BEGIN Exercise materials

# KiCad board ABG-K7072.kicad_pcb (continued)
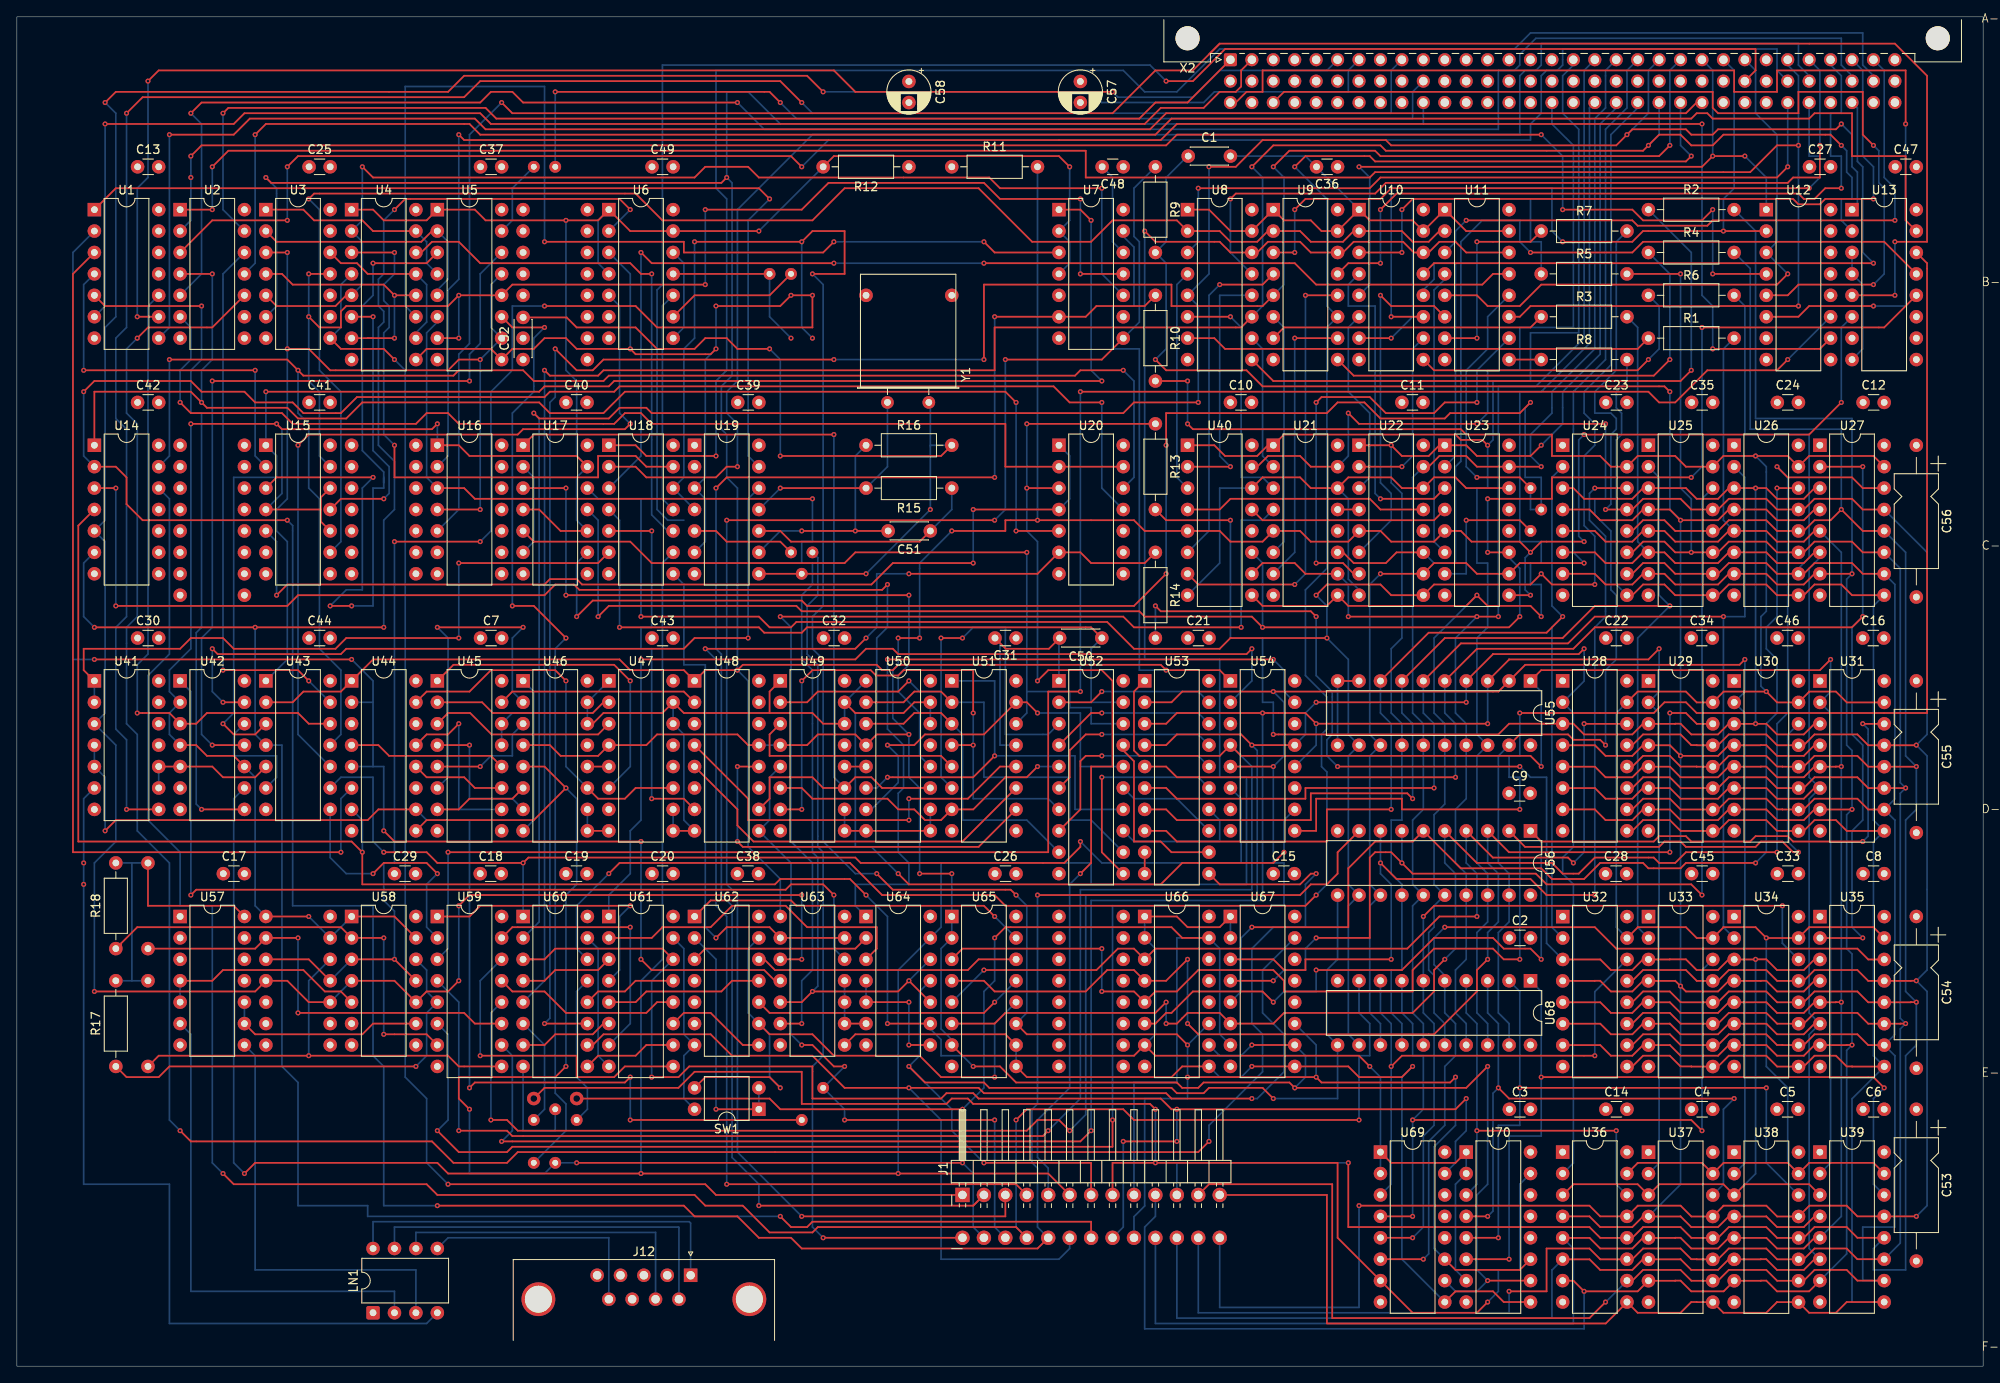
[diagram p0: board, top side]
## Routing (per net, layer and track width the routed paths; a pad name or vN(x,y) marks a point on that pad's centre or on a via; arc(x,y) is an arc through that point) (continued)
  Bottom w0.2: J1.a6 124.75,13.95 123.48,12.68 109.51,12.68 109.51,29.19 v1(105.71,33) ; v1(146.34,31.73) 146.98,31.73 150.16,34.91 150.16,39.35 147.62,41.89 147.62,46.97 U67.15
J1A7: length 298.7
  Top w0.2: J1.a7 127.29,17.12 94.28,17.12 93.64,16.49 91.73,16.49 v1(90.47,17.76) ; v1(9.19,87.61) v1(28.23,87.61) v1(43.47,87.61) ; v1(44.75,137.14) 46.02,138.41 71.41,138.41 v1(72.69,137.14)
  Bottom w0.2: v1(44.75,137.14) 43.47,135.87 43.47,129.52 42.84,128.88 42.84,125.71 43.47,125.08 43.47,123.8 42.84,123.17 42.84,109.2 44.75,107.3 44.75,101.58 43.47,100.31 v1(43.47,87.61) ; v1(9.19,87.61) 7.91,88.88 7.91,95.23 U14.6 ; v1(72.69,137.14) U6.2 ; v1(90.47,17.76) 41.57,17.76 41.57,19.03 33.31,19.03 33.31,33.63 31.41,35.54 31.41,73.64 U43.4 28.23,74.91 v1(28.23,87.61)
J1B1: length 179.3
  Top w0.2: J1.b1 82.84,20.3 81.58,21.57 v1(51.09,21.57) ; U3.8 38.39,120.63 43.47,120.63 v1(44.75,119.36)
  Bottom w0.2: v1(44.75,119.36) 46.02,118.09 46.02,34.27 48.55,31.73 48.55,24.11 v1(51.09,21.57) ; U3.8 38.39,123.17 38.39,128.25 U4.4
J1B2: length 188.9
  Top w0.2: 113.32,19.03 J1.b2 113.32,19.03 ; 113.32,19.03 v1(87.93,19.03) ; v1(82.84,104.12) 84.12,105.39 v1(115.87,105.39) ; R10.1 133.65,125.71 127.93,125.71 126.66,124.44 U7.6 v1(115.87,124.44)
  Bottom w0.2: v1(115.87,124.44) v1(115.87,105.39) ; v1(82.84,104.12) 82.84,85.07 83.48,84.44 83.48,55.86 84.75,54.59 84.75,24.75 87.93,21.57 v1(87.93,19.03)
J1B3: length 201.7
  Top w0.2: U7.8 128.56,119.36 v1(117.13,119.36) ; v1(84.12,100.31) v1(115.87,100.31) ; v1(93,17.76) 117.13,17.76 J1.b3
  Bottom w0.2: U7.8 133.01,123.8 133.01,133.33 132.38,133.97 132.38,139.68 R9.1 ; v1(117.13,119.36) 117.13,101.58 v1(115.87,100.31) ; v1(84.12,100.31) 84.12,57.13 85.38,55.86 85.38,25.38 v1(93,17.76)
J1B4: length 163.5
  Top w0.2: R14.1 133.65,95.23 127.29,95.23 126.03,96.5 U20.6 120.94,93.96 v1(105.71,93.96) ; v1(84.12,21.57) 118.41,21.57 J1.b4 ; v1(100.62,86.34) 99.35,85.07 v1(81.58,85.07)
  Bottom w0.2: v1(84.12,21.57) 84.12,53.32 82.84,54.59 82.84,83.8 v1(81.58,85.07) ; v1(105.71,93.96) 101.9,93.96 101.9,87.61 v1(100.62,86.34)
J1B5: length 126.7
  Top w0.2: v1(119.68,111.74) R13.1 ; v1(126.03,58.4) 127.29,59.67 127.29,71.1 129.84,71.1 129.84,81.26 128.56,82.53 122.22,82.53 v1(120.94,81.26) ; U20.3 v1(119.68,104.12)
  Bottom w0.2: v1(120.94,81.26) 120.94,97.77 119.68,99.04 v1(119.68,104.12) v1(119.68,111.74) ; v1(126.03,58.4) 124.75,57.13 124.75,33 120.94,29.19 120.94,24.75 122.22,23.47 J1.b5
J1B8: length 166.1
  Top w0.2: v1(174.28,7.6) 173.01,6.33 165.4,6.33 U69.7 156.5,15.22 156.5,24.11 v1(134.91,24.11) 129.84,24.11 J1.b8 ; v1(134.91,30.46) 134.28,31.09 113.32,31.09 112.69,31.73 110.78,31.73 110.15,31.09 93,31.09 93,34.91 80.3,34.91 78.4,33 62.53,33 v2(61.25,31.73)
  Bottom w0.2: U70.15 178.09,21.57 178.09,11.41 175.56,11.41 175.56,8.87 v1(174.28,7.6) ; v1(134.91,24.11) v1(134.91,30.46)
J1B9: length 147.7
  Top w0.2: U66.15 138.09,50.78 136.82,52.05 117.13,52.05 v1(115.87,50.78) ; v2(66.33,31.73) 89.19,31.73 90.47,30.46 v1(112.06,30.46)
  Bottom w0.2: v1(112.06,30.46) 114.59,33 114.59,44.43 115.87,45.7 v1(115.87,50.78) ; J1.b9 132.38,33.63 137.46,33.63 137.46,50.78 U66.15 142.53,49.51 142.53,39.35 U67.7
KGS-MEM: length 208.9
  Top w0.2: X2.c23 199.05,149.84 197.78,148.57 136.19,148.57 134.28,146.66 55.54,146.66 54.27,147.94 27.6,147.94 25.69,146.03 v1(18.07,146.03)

END Exercise materials

| Task prompt |
Only the lines from the one with "J1B5: length 126.7" through the end of the data should be printed, each exactly as it appears.

| Exercise answer |
J1B5: length 126.7
  Top w0.2: v1(119.68,111.74) R13.1 ; v1(126.03,58.4) 127.29,59.67 127.29,71.1 129.84,71.1 129.84,81.26 128.56,82.53 122.22,82.53 v1(120.94,81.26) ; U20.3 v1(119.68,104.12)
  Bottom w0.2: v1(120.94,81.26) 120.94,97.77 119.68,99.04 v1(119.68,104.12) v1(119.68,111.74) ; v1(126.03,58.4) 124.75,57.13 124.75,33 120.94,29.19 120.94,24.75 122.22,23.47 J1.b5
J1B8: length 166.1
  Top w0.2: v1(174.28,7.6) 173.01,6.33 165.4,6.33 U69.7 156.5,15.22 156.5,24.11 v1(134.91,24.11) 129.84,24.11 J1.b8 ; v1(134.91,30.46) 134.28,31.09 113.32,31.09 112.69,31.73 110.78,31.73 110.15,31.09 93,31.09 93,34.91 80.3,34.91 78.4,33 62.53,33 v2(61.25,31.73)
  Bottom w0.2: U70.15 178.09,21.57 178.09,11.41 175.56,11.41 175.56,8.87 v1(174.28,7.6) ; v1(134.91,24.11) v1(134.91,30.46)
J1B9: length 147.7
  Top w0.2: U66.15 138.09,50.78 136.82,52.05 117.13,52.05 v1(115.87,50.78) ; v2(66.33,31.73) 89.19,31.73 90.47,30.46 v1(112.06,30.46)
  Bottom w0.2: v1(112.06,30.46) 114.59,33 114.59,44.43 115.87,45.7 v1(115.87,50.78) ; J1.b9 132.38,33.63 137.46,33.63 137.46,50.78 U66.15 142.53,49.51 142.53,39.35 U67.7
KGS-MEM: length 208.9
  Top w0.2: X2.c23 199.05,149.84 197.78,148.57 136.19,148.57 134.28,146.66 55.54,146.66 54.27,147.94 27.6,147.94 25.69,146.03 v1(18.07,146.03)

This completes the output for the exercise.